(Extracted records)
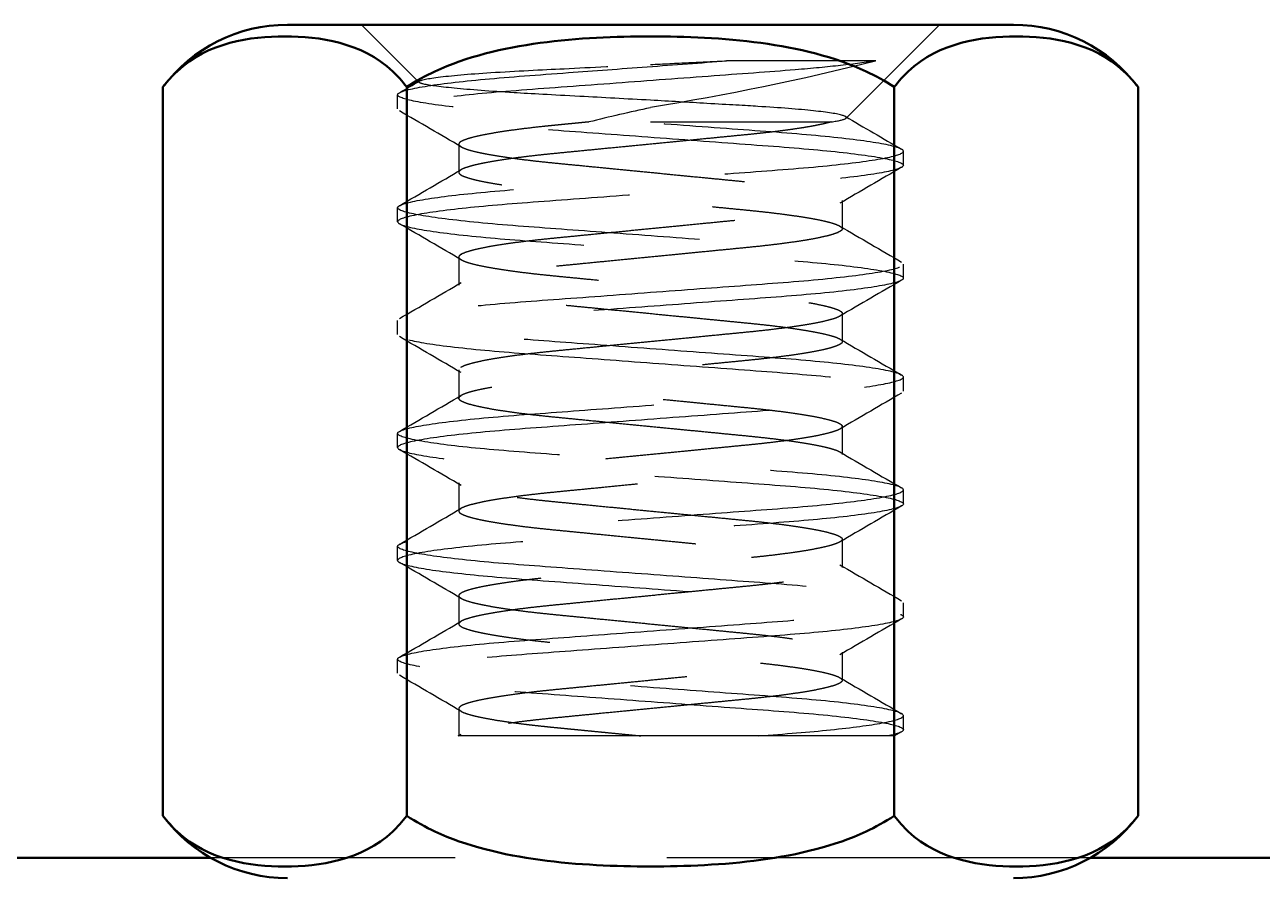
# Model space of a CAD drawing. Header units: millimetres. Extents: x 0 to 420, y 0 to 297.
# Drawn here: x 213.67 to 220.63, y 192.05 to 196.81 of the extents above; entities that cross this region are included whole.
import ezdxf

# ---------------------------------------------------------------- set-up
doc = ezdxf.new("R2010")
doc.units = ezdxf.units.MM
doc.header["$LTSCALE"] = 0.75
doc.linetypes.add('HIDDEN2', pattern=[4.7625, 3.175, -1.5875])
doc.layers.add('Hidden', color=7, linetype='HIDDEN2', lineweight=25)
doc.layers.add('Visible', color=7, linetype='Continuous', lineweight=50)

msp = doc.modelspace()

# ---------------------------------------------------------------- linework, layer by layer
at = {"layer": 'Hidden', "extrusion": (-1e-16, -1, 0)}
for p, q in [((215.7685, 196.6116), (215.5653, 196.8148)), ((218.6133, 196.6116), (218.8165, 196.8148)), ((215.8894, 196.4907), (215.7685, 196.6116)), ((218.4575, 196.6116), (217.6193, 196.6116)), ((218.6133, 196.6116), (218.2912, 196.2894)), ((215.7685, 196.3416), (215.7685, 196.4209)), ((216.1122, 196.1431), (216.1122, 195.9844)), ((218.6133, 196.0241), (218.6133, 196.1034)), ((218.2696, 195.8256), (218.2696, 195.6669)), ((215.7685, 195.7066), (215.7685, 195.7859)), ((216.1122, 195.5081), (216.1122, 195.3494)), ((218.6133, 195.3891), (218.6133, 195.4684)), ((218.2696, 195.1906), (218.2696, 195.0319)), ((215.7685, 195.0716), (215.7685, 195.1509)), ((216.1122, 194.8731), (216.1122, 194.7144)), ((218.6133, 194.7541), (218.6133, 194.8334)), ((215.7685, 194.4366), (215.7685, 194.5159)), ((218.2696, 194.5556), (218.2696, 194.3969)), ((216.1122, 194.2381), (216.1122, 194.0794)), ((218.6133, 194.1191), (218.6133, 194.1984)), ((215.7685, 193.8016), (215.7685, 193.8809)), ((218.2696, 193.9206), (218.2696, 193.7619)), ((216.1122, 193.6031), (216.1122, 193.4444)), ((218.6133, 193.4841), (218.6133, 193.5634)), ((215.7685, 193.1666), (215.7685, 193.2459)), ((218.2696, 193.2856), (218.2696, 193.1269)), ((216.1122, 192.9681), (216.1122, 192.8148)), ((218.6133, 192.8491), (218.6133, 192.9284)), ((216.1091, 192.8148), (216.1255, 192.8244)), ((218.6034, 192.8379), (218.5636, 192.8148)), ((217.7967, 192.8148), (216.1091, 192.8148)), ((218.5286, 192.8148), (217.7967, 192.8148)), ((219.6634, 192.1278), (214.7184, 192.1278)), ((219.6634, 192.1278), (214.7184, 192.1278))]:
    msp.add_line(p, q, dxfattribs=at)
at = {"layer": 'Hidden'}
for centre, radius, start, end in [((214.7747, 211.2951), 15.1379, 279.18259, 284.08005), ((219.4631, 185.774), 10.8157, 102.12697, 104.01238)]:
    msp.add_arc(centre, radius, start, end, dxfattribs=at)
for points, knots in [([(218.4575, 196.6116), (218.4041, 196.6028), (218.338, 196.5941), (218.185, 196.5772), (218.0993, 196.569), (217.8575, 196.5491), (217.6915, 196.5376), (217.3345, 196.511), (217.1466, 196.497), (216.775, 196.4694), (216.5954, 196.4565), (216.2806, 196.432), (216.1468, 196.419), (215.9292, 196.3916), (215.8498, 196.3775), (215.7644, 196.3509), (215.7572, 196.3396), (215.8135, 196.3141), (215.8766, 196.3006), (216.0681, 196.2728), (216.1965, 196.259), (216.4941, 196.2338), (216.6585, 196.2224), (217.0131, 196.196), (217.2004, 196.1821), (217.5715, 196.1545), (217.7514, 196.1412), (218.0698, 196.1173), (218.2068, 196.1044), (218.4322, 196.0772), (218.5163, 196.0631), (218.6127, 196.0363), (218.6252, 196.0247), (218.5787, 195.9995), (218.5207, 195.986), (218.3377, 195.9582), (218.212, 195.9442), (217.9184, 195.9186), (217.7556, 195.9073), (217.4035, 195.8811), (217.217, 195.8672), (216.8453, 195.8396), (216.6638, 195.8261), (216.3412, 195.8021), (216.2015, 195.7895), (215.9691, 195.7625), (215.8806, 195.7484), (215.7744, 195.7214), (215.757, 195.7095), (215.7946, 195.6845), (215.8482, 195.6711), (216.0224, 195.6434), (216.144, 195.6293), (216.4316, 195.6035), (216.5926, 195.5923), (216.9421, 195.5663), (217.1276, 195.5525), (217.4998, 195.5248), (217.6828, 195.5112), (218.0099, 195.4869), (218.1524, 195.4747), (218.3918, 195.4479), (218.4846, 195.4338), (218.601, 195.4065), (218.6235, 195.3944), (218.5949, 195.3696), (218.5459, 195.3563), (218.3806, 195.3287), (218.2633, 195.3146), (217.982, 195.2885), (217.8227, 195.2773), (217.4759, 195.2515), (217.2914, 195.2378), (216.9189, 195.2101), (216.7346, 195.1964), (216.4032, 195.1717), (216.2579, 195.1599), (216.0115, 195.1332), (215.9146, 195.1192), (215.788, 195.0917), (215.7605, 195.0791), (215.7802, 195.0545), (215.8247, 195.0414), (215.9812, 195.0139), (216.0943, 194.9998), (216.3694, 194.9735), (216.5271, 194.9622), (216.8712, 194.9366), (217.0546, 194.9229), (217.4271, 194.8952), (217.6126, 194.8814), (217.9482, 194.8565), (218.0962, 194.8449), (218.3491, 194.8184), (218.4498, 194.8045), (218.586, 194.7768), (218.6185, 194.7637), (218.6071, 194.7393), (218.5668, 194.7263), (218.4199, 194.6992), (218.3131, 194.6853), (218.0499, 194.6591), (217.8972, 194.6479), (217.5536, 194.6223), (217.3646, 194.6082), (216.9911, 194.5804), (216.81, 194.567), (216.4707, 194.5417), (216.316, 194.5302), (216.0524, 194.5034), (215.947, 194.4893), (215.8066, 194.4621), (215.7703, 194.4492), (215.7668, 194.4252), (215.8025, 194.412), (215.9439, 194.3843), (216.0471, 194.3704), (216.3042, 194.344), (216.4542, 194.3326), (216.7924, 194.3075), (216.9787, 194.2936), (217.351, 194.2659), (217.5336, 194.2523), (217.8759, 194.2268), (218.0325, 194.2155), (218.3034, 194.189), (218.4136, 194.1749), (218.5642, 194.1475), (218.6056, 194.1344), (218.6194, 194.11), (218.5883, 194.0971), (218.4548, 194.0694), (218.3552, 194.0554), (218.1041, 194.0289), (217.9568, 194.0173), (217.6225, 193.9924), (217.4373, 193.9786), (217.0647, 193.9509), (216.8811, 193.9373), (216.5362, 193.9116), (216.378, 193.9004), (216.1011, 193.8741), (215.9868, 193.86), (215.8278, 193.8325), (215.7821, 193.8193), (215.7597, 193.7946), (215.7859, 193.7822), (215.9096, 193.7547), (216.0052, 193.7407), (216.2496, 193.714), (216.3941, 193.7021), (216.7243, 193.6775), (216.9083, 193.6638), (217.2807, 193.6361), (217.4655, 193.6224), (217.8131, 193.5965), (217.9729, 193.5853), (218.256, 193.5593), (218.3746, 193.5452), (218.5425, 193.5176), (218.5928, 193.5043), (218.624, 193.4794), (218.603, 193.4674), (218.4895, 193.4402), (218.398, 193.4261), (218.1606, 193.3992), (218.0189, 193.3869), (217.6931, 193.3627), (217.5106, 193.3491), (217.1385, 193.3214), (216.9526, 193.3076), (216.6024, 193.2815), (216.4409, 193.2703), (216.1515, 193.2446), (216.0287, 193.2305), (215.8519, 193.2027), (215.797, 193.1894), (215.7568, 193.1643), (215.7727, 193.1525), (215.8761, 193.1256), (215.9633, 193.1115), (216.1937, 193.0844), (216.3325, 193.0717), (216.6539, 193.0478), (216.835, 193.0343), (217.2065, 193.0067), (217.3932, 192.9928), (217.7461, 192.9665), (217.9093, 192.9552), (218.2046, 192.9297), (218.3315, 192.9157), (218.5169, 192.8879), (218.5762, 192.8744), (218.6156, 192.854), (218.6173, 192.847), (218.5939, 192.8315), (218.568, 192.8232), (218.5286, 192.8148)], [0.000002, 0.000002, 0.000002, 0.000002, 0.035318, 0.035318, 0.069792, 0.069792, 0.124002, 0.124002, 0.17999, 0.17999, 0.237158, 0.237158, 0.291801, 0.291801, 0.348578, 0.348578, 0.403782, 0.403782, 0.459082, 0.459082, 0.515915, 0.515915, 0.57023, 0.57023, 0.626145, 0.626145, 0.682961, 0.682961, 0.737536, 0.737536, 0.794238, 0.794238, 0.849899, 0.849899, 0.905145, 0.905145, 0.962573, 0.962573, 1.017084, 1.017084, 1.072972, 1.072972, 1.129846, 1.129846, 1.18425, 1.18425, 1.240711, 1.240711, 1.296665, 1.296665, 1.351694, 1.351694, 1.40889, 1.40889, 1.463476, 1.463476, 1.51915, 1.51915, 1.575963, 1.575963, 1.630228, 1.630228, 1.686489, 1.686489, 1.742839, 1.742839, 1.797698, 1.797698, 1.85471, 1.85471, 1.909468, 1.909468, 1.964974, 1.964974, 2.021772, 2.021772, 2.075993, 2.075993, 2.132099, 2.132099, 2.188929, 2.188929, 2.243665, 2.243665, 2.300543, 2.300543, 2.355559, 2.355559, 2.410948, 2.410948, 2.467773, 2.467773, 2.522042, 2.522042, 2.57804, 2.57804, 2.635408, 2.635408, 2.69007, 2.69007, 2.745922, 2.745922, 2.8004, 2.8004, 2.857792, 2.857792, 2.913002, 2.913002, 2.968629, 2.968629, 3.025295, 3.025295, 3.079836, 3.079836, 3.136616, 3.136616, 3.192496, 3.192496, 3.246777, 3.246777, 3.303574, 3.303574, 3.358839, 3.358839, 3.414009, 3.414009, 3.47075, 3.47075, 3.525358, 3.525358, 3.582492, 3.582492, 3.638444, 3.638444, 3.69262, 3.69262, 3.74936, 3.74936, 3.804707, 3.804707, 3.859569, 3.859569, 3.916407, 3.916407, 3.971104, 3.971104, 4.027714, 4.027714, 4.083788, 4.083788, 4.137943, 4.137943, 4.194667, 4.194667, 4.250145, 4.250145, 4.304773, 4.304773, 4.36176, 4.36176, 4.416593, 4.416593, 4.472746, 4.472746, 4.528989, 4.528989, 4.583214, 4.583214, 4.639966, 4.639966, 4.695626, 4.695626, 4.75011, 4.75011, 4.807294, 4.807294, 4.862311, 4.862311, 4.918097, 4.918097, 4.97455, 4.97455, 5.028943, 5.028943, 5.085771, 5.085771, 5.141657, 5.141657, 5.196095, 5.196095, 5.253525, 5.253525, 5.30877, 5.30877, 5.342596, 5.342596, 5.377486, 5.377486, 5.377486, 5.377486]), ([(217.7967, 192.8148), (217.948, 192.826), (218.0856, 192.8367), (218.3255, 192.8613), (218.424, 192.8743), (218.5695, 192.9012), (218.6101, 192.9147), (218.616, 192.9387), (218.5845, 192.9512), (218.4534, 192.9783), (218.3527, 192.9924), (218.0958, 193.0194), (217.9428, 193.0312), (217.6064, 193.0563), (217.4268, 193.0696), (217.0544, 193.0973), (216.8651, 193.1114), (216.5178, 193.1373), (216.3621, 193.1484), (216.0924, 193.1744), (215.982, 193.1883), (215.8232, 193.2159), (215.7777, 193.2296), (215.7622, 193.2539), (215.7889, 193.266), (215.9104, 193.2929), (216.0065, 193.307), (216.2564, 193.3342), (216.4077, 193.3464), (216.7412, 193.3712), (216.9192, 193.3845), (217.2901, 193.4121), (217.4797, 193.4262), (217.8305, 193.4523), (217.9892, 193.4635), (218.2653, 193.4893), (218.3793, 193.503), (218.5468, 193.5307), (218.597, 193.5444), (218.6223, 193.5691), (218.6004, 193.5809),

**What you will do**:
I need each line of the entries that holds the string "dxfattribs" located and copied.

**Answer to the problem**:
    msp.add_line(p, q, dxfattribs=at)
    msp.add_arc(centre, radius, start, end, dxfattribs=at)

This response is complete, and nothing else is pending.